To manage Proxy Policies, take the steps below.
- In the API Connectivity Manager user interface, go to Services > Workspaces > Proxies.
- Select Edit Proxy from the Actions menu for the Proxy that you want to configure.
- Select the Policies tab.
- Add, Edit, or Remove as desired.
- Save and Publish your changes.
Add a Policy
Take the steps in this section to add a new policy to a cluster.
- Go to Edit Proxy > Policies.
- Select Add Policy from the policy’s Actions menu.
- Complete the form to configure the policy, then select the Add button.
- Save and Submit your changes.
Edit a Policy
Take the steps below to edit a policy.
- Go to Edit Proxy > Policies.
- Select Edit Policy from the policy’s Actions menu.
- Edit the policy as needed.
- Select Save, then Save and Publish.
Remove a Policy
To remove a policy, take the steps below.
- Go to Edit Proxy > Policies.
- Select Remove Policy from the policy’s Actions menu.
Set Up Cluster Policies
Cluster Policies are applied to all the proxies belongnig to the desired cluster. In another words, these policies are applied to a cluster of F5 NGINX Plus instances which can have one or more API Gateways and Developer Portals deployed on them.
The following table shows the available Cluster Policies you can use when creating a new cluster.
Legend:
- = Supported
- = Applied by default
Policy Name | HTTP Environment | gRPC Environment | Applied On | Description |
---|---|---|---|---|
Cluster Wide Config Setting | inbound | Fine tune the settings to speed up data processing and improve the performance of the API proxy for large number of connections. When applied, the settings are applicable to all the instances in a proxy cluster. If the proxy cluster is shared between environments, the changes made in any environment will be reflected in all the other environments. | ||
Cluster Zone Sync | inbound | Enables runtime state sharing between the instances belonging to a proxy cluster. Options configured through this policy affect other policies such as rate limit and OIDC. This policy is applied to all the instances in a proxy cluster.
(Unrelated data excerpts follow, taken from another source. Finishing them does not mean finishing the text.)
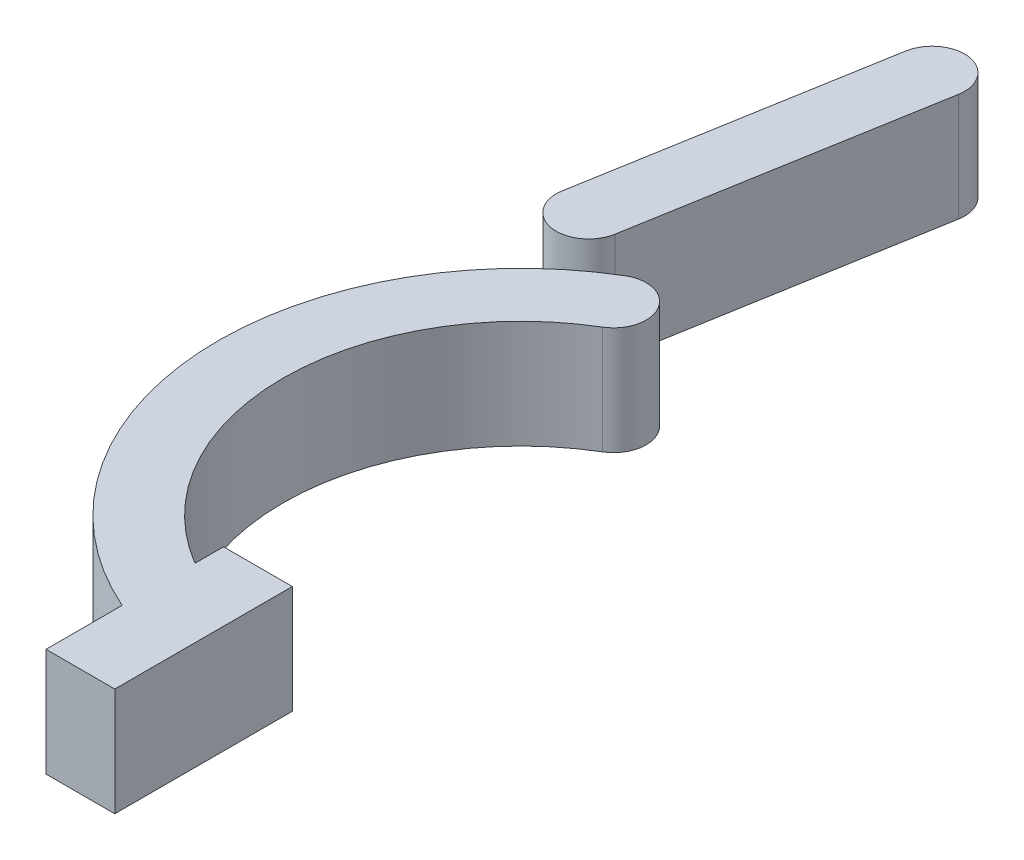
ISO-10303-21;
HEADER;
FILE_DESCRIPTION(('STEP AP214'),'2;1');
FILE_NAME('part.step','',(''),(''),'','','');
FILE_SCHEMA(('AUTOMOTIVE_DESIGN { 1 0 10303 214 1 1 1 1 }'));
ENDSEC;
DATA;
#1=APPLICATION_CONTEXT('core data for automotive mechanical design processes');
#2=APPLICATION_PROTOCOL_DEFINITION('international standard','automotive_design',2000,#1);
#3=PRODUCT_CONTEXT('',#1,'mechanical');
#4=PRODUCT('Part','Part','',(#3));
#5=PRODUCT_RELATED_PRODUCT_CATEGORY('part','',(#4));
#6=PRODUCT_DEFINITION_FORMATION('','',#4);
#7=PRODUCT_DEFINITION_CONTEXT('part definition',#1,'design');
#8=PRODUCT_DEFINITION('design','',#6,#7);
#9=PRODUCT_DEFINITION_SHAPE('','',#8);
#10=(LENGTH_UNIT() NAMED_UNIT(*) SI_UNIT(.MILLI.,.METRE.));
#11=(NAMED_UNIT(*) PLANE_ANGLE_UNIT() SI_UNIT($,.RADIAN.));
#12=(NAMED_UNIT(*) SI_UNIT($,.STERADIAN.) SOLID_ANGLE_UNIT());
#13=UNCERTAINTY_MEASURE_WITH_UNIT(LENGTH_MEASURE(1.E-05),#10,'distance_accuracy_value','');
#14=(GEOMETRIC_REPRESENTATION_CONTEXT(3) GLOBAL_UNCERTAINTY_ASSIGNED_CONTEXT((#13)) GLOBAL_UNIT_ASSIGNED_CONTEXT((#10,
#11,#12)) REPRESENTATION_CONTEXT('',''));
#15=CARTESIAN_POINT('',(0.,0.,0.));
#16=DIRECTION('',(0.,0.,1.));
#17=DIRECTION('',(1.,0.,0.));
#18=AXIS2_PLACEMENT_3D('',#15,#16,#17);
#19=CARTESIAN_POINT('',(-7.28902285763554,5.,0.));
#20=DIRECTION('',(1.,0.,0.));
#21=DIRECTION('',(0.,0.,-1.));
#22=AXIS2_PLACEMENT_3D('',#19,#20,#21);
#23=PLANE('',#22);
#24=DIRECTION('',(0.,0.,1.));
#25=VECTOR('',#24,1.);
#26=CARTESIAN_POINT('',(-7.28902285763554,-5.,0.));
#27=LINE('',#26,#25);
#28=CARTESIAN_POINT('',(-7.28902285763554,-5.,87.5621443156173));
#29=VERTEX_POINT('',#28);
#30=CARTESIAN_POINT('',(-7.28902285763554,-5.,94.6121393963154));
#31=VERTEX_POINT('',#30);
#32=EDGE_CURVE('E195',#29,#31,#27,.T.);
#33=ORIENTED_EDGE('',*,*,#32,.T.);
#34=DIRECTION('',(0.,-1.,0.));
#35=VECTOR('',#34,1.);
#36=CARTESIAN_POINT('',(-7.28902285763554,5.,94.6121393963154));
#37=LINE('',#36,#35);
#38=CARTESIAN_POINT('',(-7.28902285763554,5.,94.6121393963154));
#39=VERTEX_POINT('',#38);
#40=EDGE_CURVE('E178',#39,#31,#37,.T.);
#41=ORIENTED_EDGE('',*,*,#40,.F.);
#42=DIRECTION('',(0.,0.,1.));
#43=VECTOR('',#42,1.);
#44=CARTESIAN_POINT('',(-7.28902285763554,5.,0.));
#45=LINE('',#44,#43);
#46=CARTESIAN_POINT('',(-7.28902285763554,5.,87.5621443156173));
#47=VERTEX_POINT('',#46);
#48=EDGE_CURVE('E111',#47,#39,#45,.T.);
#49=ORIENTED_EDGE('',*,*,#48,.F.);
#50=DIRECTION('',(0.,-1.,0.));
#51=VECTOR('',#50,1.);
#52=CARTESIAN_POINT('',(-7.28902285763554,5.,87.5621443156173));
#53=LINE('',#52,#51);
#54=EDGE_CURVE('E173',#47,#29,#53,.T.);
#55=ORIENTED_EDGE('',*,*,#54,.T.);
#56=EDGE_LOOP('',(#33,#41,#49,#55));
#57=FACE_BOUND('',#56,.T.);
#58=ADVANCED_FACE('F107',(#57),#23,.F.);
#59=CARTESIAN_POINT('',(0.,5.,94.6121393963154));
#60=DIRECTION('',(0.,0.,-1.));
#61=DIRECTION('',(-1.,0.,0.));
#62=AXIS2_PLACEMENT_3D('',#59,#60,#61);
#63=PLANE('',#62);
#64=DIRECTION('',(1.,0.,0.));
#65=VECTOR('',#64,1.);
#66=CARTESIAN_POINT('',(0.,-5.,94.6121393963154));
#67=LINE('',#66,#65);
#68=CARTESIAN_POINT('',(-0.926080019048051,-5.,94.6121393963154));
#69=VERTEX_POINT('',#68);
#70=EDGE_CURVE('E218',#31,#69,#67,.T.);
#71=ORIENTED_EDGE('',*,*,#70,.T.);
#72=DIRECTION('',(0.,-1.,0.));
#73=VECTOR('',#72,1.);
#74=CARTESIAN_POINT('',(-0.926080019048051,5.,94.6121393963154));
#75=LINE('',#74,#73);
#76=CARTESIAN_POINT('',(-0.926080019048051,5.,94.6121393963154));
#77=VERTEX_POINT('',#76);
#78=EDGE_CURVE('E228',#77,#69,#75,.T.);
#79=ORIENTED_EDGE('',*,*,#78,.F.);
#80=DIRECTION('',(1.,0.,0.));
#81=VECTOR('',#80,1.);
#82=CARTESIAN_POINT('',(0.,5.,94.6121393963154));
#83=LINE('',#82,#81);
#84=EDGE_CURVE('E190',#39,#77,#83,.T.);
#85=ORIENTED_EDGE('',*,*,#84,.F.);
#86=ORIENTED_EDGE('',*,*,#40,.T.);
#87=EDGE_LOOP('',(#71,#79,#85,#86));
#88=FACE_BOUND('',#87,.T.);
#89=ADVANCED_FACE('F246',(#88),#63,.F.);
#90=CARTESIAN_POINT('',(-0.926080019048061,5.,0.));
#91=DIRECTION('',(1.,0.,0.));
#92=DIRECTION('',(0.,0.,-1.));
#93=AXIS2_PLACEMENT_3D('',#90,#91,#92);
#94=PLANE('',#93);
#95=DIRECTION('',(0.,0.,1.));
#96=VECTOR('',#95,1.);
#97=CARTESIAN_POINT('',(-0.926080019048061,-5.,0.));
#98=LINE('',#97,#96);
#99=CARTESIAN_POINT('',(-0.926080019048052,-5.,78.1853583946559));
#100=VERTEX_POINT('',#99);
#101=EDGE_CURVE('E215',#100,#69,#98,.T.);
#102=ORIENTED_EDGE('',*,*,#101,.F.);
#103=DIRECTION('',(0.,-1.,0.));
#104=VECTOR('',#103,1.);
#105=CARTESIAN_POINT('',(-0.926080019048052,5.,78.1853583946559));
#106=LINE('',#105,#104);
#107=CARTESIAN_POINT('',(-0.926080019048052,5.,78.1853583946559));
#108=VERTEX_POINT('',#107);
#109=EDGE_CURVE('E209',#108,#100,#106,.T.);
#110=ORIENTED_EDGE('',*,*,#109,.F.);
#111=DIRECTION('',(0.,0.,1.));
#112=VECTOR('',#111,1.);
#113=CARTESIAN_POINT('',(-0.926080019048061,5.,0.));
#114=LINE('',#113,#112);
#115=EDGE_CURVE('E196',#108,#77,#114,.T.);
#116=ORIENTED_EDGE('',*,*,#115,.T.);
#117=ORIENTED_EDGE('',*,*,#78,.T.);
#118=EDGE_LOOP('',(#102,#110,#116,#117));
#119=FACE_BOUND('',#118,.T.);
#120=ADVANCED_FACE('F226',(#119),#94,.T.);
#121=CARTESIAN_POINT('',(0.,5.,78.1853583946559));
#122=DIRECTION('',(0.,0.,-1.));
#123=DIRECTION('',(-1.,0.,0.));
#124=AXIS2_PLACEMENT_3D('',#121,#122,#123);
#125=PLANE('',#124);
#126=DIRECTION('',(1.,0.,0.));
#127=VECTOR('',#126,1.);
#128=CARTESIAN_POINT('',(0.,-5.,78.1853583946559));
#129=LINE('',#128,#127);
#130=CARTESIAN_POINT('',(-7.28902285763554,-5.,78.1853583946559));
#131=VERTEX_POINT('',#130);
#132=EDGE_CURVE('E193',#131,#100,#129,.T.);
#133=ORIENTED_EDGE('',*,*,#132,.F.);
#134=DIRECTION('',(0.,-1.,0.));
#135=VECTOR('',#134,1.);
#136=CARTESIAN_POINT('',(-7.28902285763554,5.,78.1853583946559));
#137=LINE('',#136,#135);
#138=CARTESIAN_POINT('',(-7.28902285763554,5.,78.1853583946559));
#139=VERTEX_POINT('',#138);
#140=EDGE_CURVE('E203',#139,#131,#137,.T.);
#141=ORIENTED_EDGE('',*,*,#140,.F.);
#142=DIRECTION('',(1.,0.,0.));
#143=VECTOR('',#142,1.);
#144=CARTESIAN_POINT('',(0.,5.,78.1853583946559));
#145=LINE('',#144,#143);
#146=EDGE_CURVE('E197',#139,#108,#145,.T.);
#147=ORIENTED_EDGE('',*,*,#146,.T.);
#148=ORIENTED_EDGE('',*,*,#109,.T.);
#149=EDGE_LOOP('',(#133,#141,#147,#148));
#150=FACE_BOUND('',#149,.T.);
#151=ADVANCED_FACE('F231',(#150),#125,.T.);
#152=CARTESIAN_POINT('',(-7.28902285763554,-5.,80.8299342788037));
#153=VERTEX_POINT('',#152);
#154=EDGE_CURVE('E189',#131,#153,#27,.T.);
#155=ORIENTED_EDGE('',*,*,#154,.T.);
#156=DIRECTION('',(0.,-1.,0.));
#157=VECTOR('',#156,1.);
#158=CARTESIAN_POINT('',(-7.28902285763554,5.,80.8299342788037));
#159=LINE('',#158,#157);
#160=CARTESIAN_POINT('',(-7.28902285763554,5.,80.8299342788037));
#161=VERTEX_POINT('',#160);
#162=EDGE_CURVE('E198',#161,#153,#159,.T.);
#163=ORIENTED_EDGE('',*,*,#162,.F.);
#164=EDGE_CURVE('E191',#139,#161,#45,.T.);
#165=ORIENTED_EDGE('',*,*,#164,.F.);
#166=ORIENTED_EDGE('',*,*,#140,.T.);
#167=EDGE_LOOP('',(#155,#163,#165,#166));
#168=FACE_BOUND('',#167,.T.);
#169=ADVANCED_FACE('F234',(#168),#23,.F.);
#170=CARTESIAN_POINT('',(0.,-5.,0.));
#171=DIRECTION('',(0.,1.,0.));
#172=DIRECTION('',(0.,0.,1.));
#173=AXIS2_PLACEMENT_3D('',#170,#171,#172);
#174=PLANE('',#173);
#175=ORIENTED_EDGE('',*,*,#32,.F.);
#176=CARTESIAN_POINT('',(3.94613789908462,-5.,61.9150945287382));
#177=DIRECTION('',(0.,1.,0.));
#178=DIRECTION('',(0.,0.,1.));
#179=AXIS2_PLACEMENT_3D('',#176,#177,#178);
#180=CIRCLE('',#179,28.);
#181=CARTESIAN_POINT('',(-10.4438399409068,-5.,37.8957577817638));
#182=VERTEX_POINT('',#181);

If the proxy cluster is shared between environments, any changes made to this policy will affect all the other environments. |
To manage Cluster Policies, take the steps below:
- In the API Connectivity Manager user interface, go to Infrastructure > Workspaces > Environments.
- Select the Environment that holds the cluster that you want to configure, then select the Cluster name.
- Select the Manage icon for the cluster that you want to configure.
- Select the Cluster Policies tab.
- Add, Edit, or Remove as desired.
- Save and Submit your changes.
Add a Policy
Take the steps in this section to add a new policy to a cluster.
- Go to Manage > Cluster Policies for the cluster.
- Select Add Policy from the policy’s Actions menu.
- Complete the form provided to configure the policy, then select Add.
- Save and Submit your changes.
Edit a Policy
To edit a policy, take the steps below.
- Go to Manage > Cluster Policies for the cluster.
- Select Edit Policy from the policy’s Actions menu.
- Edit the policy as needed.
- Select Save and Save and Submit.
Remove a Policy
To remove a policy, take the steps below.
- Go to the Cluster Policies tab for the cluster.
- Select Remove Policy from the policy’s Actions menu.